◆ Brief ◆
Within the data below, copy each line where the string "layers" is found.

--------

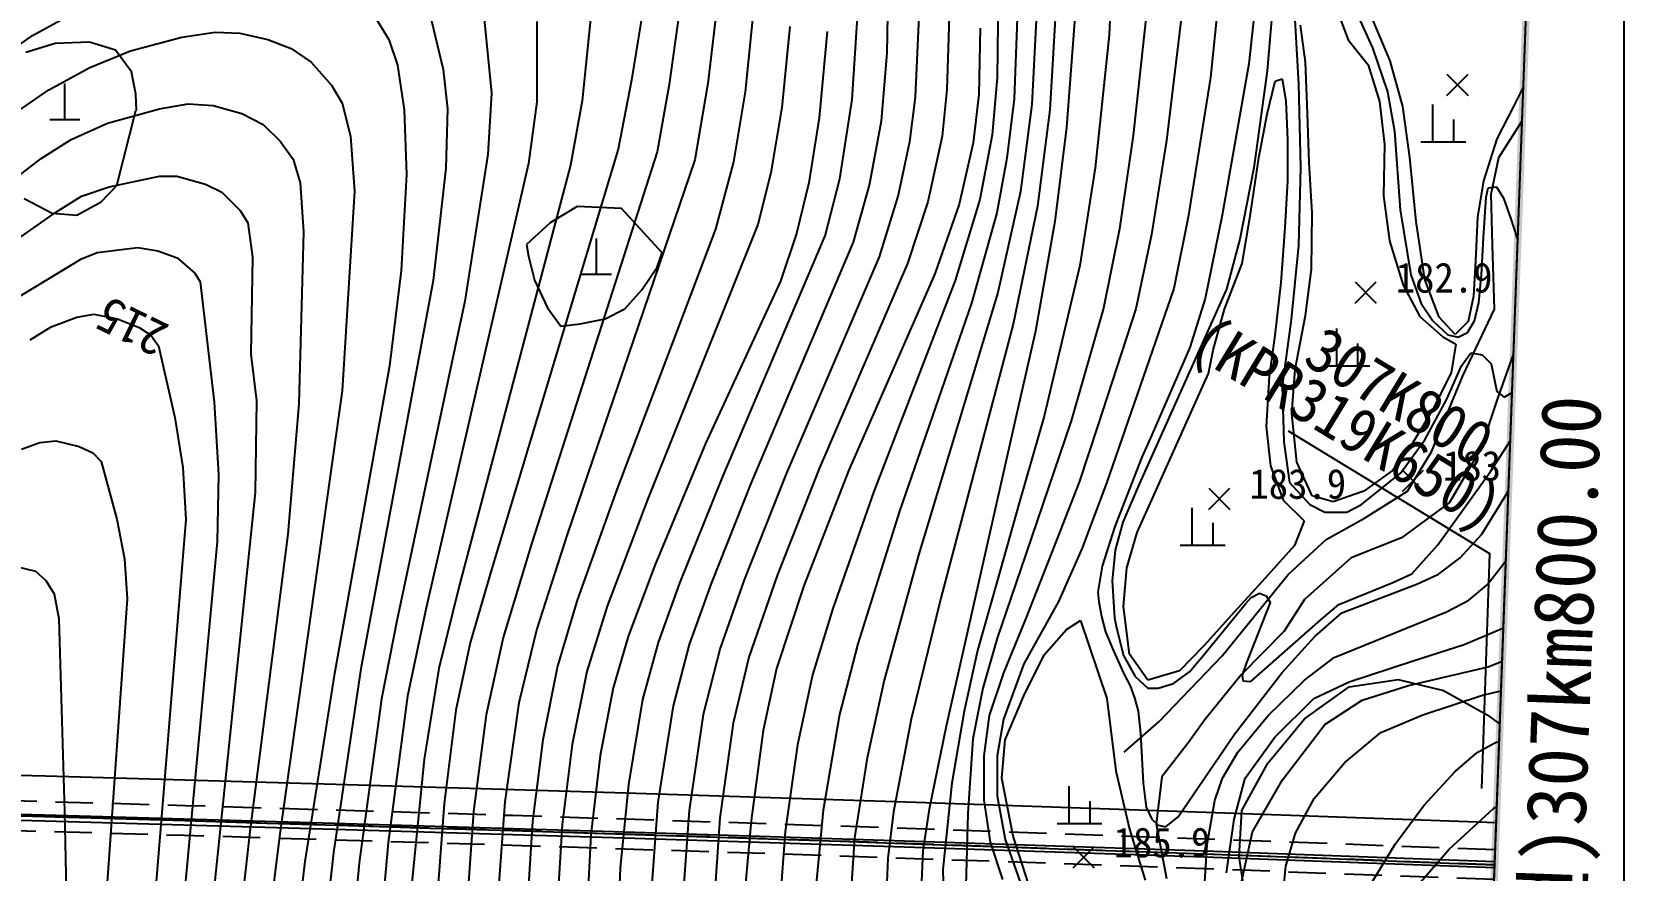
# Model space of a CAD drawing. Header units: millimetres. Extents: x 10470 to 11266, y 1103 to 1807.
# Drawn here: x 11159.5 to 11265.9, y 1477.1 to 1533.1 of the extents above; entities that cross this region are included whole.
import ezdxf
from ezdxf.enums import TextEntityAlignment as Align
from ezdxf.xclip import XClip

# ---------------------------------------------------------------- set-up
doc = ezdxf.new("R2010")
doc.units = ezdxf.units.MM
doc.header["$LTSCALE"] = 10
doc.header["$MEASUREMENT"] = 0
doc.header["$XCLIPFRAME"] = 2
doc.linetypes.add('A-CENTR01', pattern=[2, 1.25, -0.25, 0.25, -0.25])
doc.linetypes.add('HIDDEN', pattern=[0.375, 0.25, -0.125])
for name, color, linetype in [('TN-MACL', 6, 'A-CENTR01'), ('TZ-BASE', 253, 'Continuous'), ('TZ-CABL', 4, 'Continuous')]:
    doc.layers.add(name, color=color, linetype=linetype)
doc.layers.add('TX-PAPR', color=2, linetype='Continuous', plot=False)
doc.styles.add('HANA', font='GulimChe.ttf')
doc.styles.get("Standard").update_dxf_attribs({"font": 'GulimChe.ttf'})
doc.linetypes.add('ZIGZAG', pattern='A,0.0001,-0.2,[131,ltypeshp.shx,S=0.2,R=0,X=-0.2,Y=0],-0.4,[131,ltypeshp.shx,S=0.2,R=180,X=0.2,Y=0],-0.2', length=0.8001)

# ---------------------------------------------------------------- blocks, each defined once
blk = doc.blocks.new('JD-SDFHSFH5FGCFH6')
at = {"layer": 'TZ-BASE'}
for p, q in [((640.64, 71.55, 206), (639.14, 56.9, 206)), ((643.88, 67.05, 205), (642.44, 58.28, 205)), ((646.18, 66.69, 204), (644.97, 57.99, 204)), ((648.53, 66.55, 203), (647.55, 58.06, 203)), ((674.62, 66.86, 189), (674.36, 61.3, 189)), ((650.84, 65.57, 202), (650.04, 57.49, 202)), ((666.95, 64.96, 194), (666.87, 58.46, 194)), ((693.14, 59.56, 181.92), (690.65, 65.44, 181.92)), ((659.52, 60.08, 198), (659.61, 64.66, 198)), ((670.85, 64.02, 191), (670.39, 56.3, 191)), ((681.77, 64.63, 186), (681.14, 58.46, 186)), ((684.23, 64.43, 185), (683.69, 59.37, 185)), ((685.38, 64.39, 184), (684.92, 58.89, 184)), ((686.65, 64.19, 183), (687.02, 58, 183)), ((602.42, 61.27, 210), (606.85, 63.7, 210)), ((657.19, 56.99, 199), (657.58, 63.18, 199)), ((668.26, 63.62, 193), (668.02, 57.04, 193)), ((669.55, 63.61, 192), (669.2, 56.66, 192)), ((672.14, 63.35, 190), (671.52, 55.11, 190)), ((676.91, 63.39, 188), (675.96, 54.57, 188)), ((679.33, 63.71, 187), (678.2, 54.24, 187)), ((689.26, 63.82, 183.13), (690.32, 60.98, 183.13)), ((690.64, 63.3, 182), (691.96, 60.44, 182)), ((625.28, 62.56, 210), (626.22, 61, 210)), ((629.09, 62.23, 209), (629.86, 58.98, 209)), ((632.61, 62.38, 208), (633.1, 57.4, 208)), ((636.11, 62.2, 207), (636.12, 56.83, 207)), ((653.02, 61.87, 201), (652.48, 56.46, 201)), ((661.64, 62.55, 197), (661.39, 57.14, 197)), ((663.67, 62.52, 196), (663.52, 57.65, 196)), ((665.73, 61.74, 195), (665.65, 57.32, 195)), ((687.47, 59.47, 183.13), (687.15, 61.96, 183.13)), ((599.87, 59.46, 210), (602.42, 61.27, 210)), ((603.94, 60.72, 213.17), (601.97, 60.12, 213.17)), ((606.22, 60.81, 213.17), (603.94, 60.72, 213.17)), ((607.97, 60.28, 213.17), (606.22, 60.81, 213.17)), ((608.98, 60.24, 211), (612.4, 61.16, 211)), ((612.4, 61.16, 211), (614.62, 61.49, 211)), ((614.62, 61.49, 211), (616.27, 61.42, 211)), ((616.27, 61.42, 211), (618.15, 61, 211)), ((618.15, 61, 211), (619.71, 60.39, 211)), ((626.22, 61, 210), (626.82, 59.27, 210)), ((655.52, 61.53, 200), (654.99, 55.76, 200)), ((674.36, 61.3, 189), (673.42, 52.41, 189)), ((690.32, 60.98, 183.13), (691.67, 59.3, 183.13)), ((606.25, 59.13, 211), (608.98, 60.24, 211)), ((609.04, 58.84, 213.17), (607.97, 60.28, 213.17)), ((619.71, 60.39, 211), (621.04, 59.48, 211)), ((659.14, 55.55, 198), (659.52, 60.08, 198)), ((691.96, 60.44, 182), (692.96, 57.5, 182)), ((603.52, 57.63, 211), (606.25, 59.13, 211)), ((609.32, 57.35, 213.17), (609.04, 58.84, 213.17)), ((621.04, 59.48, 211), (622.41, 57.95, 211)), ((626.82, 59.27, 210), (627.26, 56.3, 210)), ((629.86, 58.98, 209), (630.16, 56.37, 209)), ((683.69, 59.37, 185), (681.91, 49.26, 185)), ((684.92, 58.89, 184), (684.02, 52.42, 184)), ((687.62, 56.04, 183.13), (687.47, 59.47, 183.13)), ((691.67, 59.3, 183.13), (692.42, 56.86, 183.13)), ((693.98, 56.52, 181.92), (693.14, 59.56, 181.92)), ((696.93, 57.26, 181.92), (698.34, 58.68, 181.92)), ((696.93, 58.68, 181.92), (698.34, 57.26, 181.92)), ((601.07, 55.93, 211), (603.52, 57.63, 211)), ((604.59, 55.66, 213.15), (604.59, 58.06, 213.15)), ((622.41, 57.95, 211), (623.11, 56.73, 211)), ((642.44, 58.28, 205), (641.55, 53.66, 205)), ((644.97, 57.99, 204), (644.15, 53.5, 204)), ((647.55, 58.06, 203), (646.67, 52.96, 203)), ((650.04, 57.49, 202), (649.27, 52.83, 202)), ((663.52, 57.65, 196), (663.21, 54.53, 196)), ((666.87, 58.46, 194), (666.54, 54.62, 194)), ((681.14, 58.46, 186), (679.63, 49.13, 186)), ((684.92, 56, 184.17), (685.46, 58.21, 184.17)), ((685.46, 58.21, 184.17), (685.92, 58.37, 184.17)), ((685.92, 58.37, 184.17), (686.16, 56.87, 184.17)), ((687.02, 58, 183), (687.15, 52.44, 183)), ((692.96, 57.5, 182), (693.43, 54.87, 182)), ((702.04, 57.86, 181.92), (701.4, 56.56, 181.92)), ((609.36, 56.25, 213.17), (609.32, 57.35, 213.17)), ((610.91, 56.37, 212), (612.83, 56.69, 212)), ((612.83, 56.69, 212), (614.5, 56.58, 212)), ((614.5, 56.58, 212), (616.4, 56.06, 212)), ((623.11, 56.73, 211), (623.67, 54.54, 211)), ((633.1, 57.4, 208), (632.85, 53.32, 208)), ((636.12, 56.83, 207), (635.57, 52.7, 207)), ((639.14, 56.9, 206), (638.37, 52.61, 206)), ((652.48, 56.46, 201), (651.76, 52.09, 201)), ((656.37, 51.69, 199), (657.19, 56.99, 199)), ((661.39, 57.14, 197), (661.03, 54.16, 197)), ((665.65, 57.32, 195), (665.27, 54.08, 195)), ((668.02, 57.04, 193), (667.53, 53.06, 193)), ((669.2, 56.66, 192), (668.43, 50.84, 192)), ((686.16, 56.87, 184.17), (686.27, 54.31, 184.17)), ((692.42, 56.86, 183.13), (692.75, 53.98, 183.13)), ((694.44, 53.11, 181.92), (693.98, 56.52, 181.92)), ((695.99, 54.15, 181.87), (695.99, 56.65, 181.87)), ((701.4, 56.56, 181.92), (700.27, 54.36, 181.92)), ((603.59, 55.66, 213.15), (605.59, 55.66, 213.15)), ((605.01, 54.32, 212), (607.43, 55.41, 212)), ((607.43, 55.41, 212), (610.91, 56.37, 212)), ((608.05, 51.23, 213.17), (609.32, 56.24, 213.17)), ((609.32, 56.24, 213.17), (609.36, 56.25, 213.17)), ((616.4, 56.06, 212), (617.84, 55.31, 212)), ((627.26, 56.3, 210), (627.41, 51.98, 210)), ((630.16, 56.37, 209), (630.03, 52.4, 209)), ((654.99, 55.76, 200), (654.29, 51.43, 200)), ((658.35, 51.27, 198), (659.14, 55.55, 198)), ((670.39, 56.3, 191), (669.57, 49.85, 191)), ((684.36, 53.09, 184.17), (684.92, 56, 184.17)), ((687.73, 52.77, 183.13), (687.62, 56.04, 183.13)), ((697.39, 54.15, 181.87), (697.39, 55.65, 181.87)), ((700.4, 53.12, 178.93), (701.96, 55.57, 178.93)), ((603.01, 53.05, 212), (605.01, 54.32, 212)), ((617.84, 55.31, 212), (618.98, 54.21, 212)), ((623.67, 54.54, 211), (623.93, 50.87, 211)), ((663.21, 54.53, 196), (662.24, 50.16, 196)), ((666.54, 54.62, 194), (665.72, 50.3, 194)), ((671.52, 55.11, 190), (670.74, 48.83, 190)), ((675.96, 54.57, 188), (675.05, 48.35, 188)), ((686.27, 54.31, 184.17), (686.28, 51.56, 184.17)), ((693.43, 54.87, 182), (693.81, 49.61, 182)), ((700.27, 54.36, 181.92), (699.38, 51.55, 181.92)), ((618.98, 54.21, 212), (619.83, 52.99, 212)), ((632.85, 53.32, 208), (631.3, 43.52, 208)), ((641.55, 53.66, 205), (633.05, 25.44, 205)), ((644.15, 53.5, 204), (635.79, 27.38, 204)), ((661.03, 54.16, 197), (660.27, 50.6, 197)), ((665.27, 54.08, 195), (664.34, 50, 195)), ((678.2, 54.24, 187), (677.19, 47.97, 187)), ((692.75, 53.98, 183.13), (692.69, 50.56, 183.13)), ((695.19, 54.15, 181.87), (698.19, 54.15, 181.87)), ((600.67, 51.23, 212), (603.01, 53.05, 212)), ((619.83, 52.99, 212), (620.3, 51.41, 212)), ((635.57, 52.7, 207), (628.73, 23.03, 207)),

--------

◆ Written solution ◆
    doc.layers.add(name, color=color, linetype=linetype)
doc.layers.add('TX-PAPR', color=2, linetype='Continuous', plot=False)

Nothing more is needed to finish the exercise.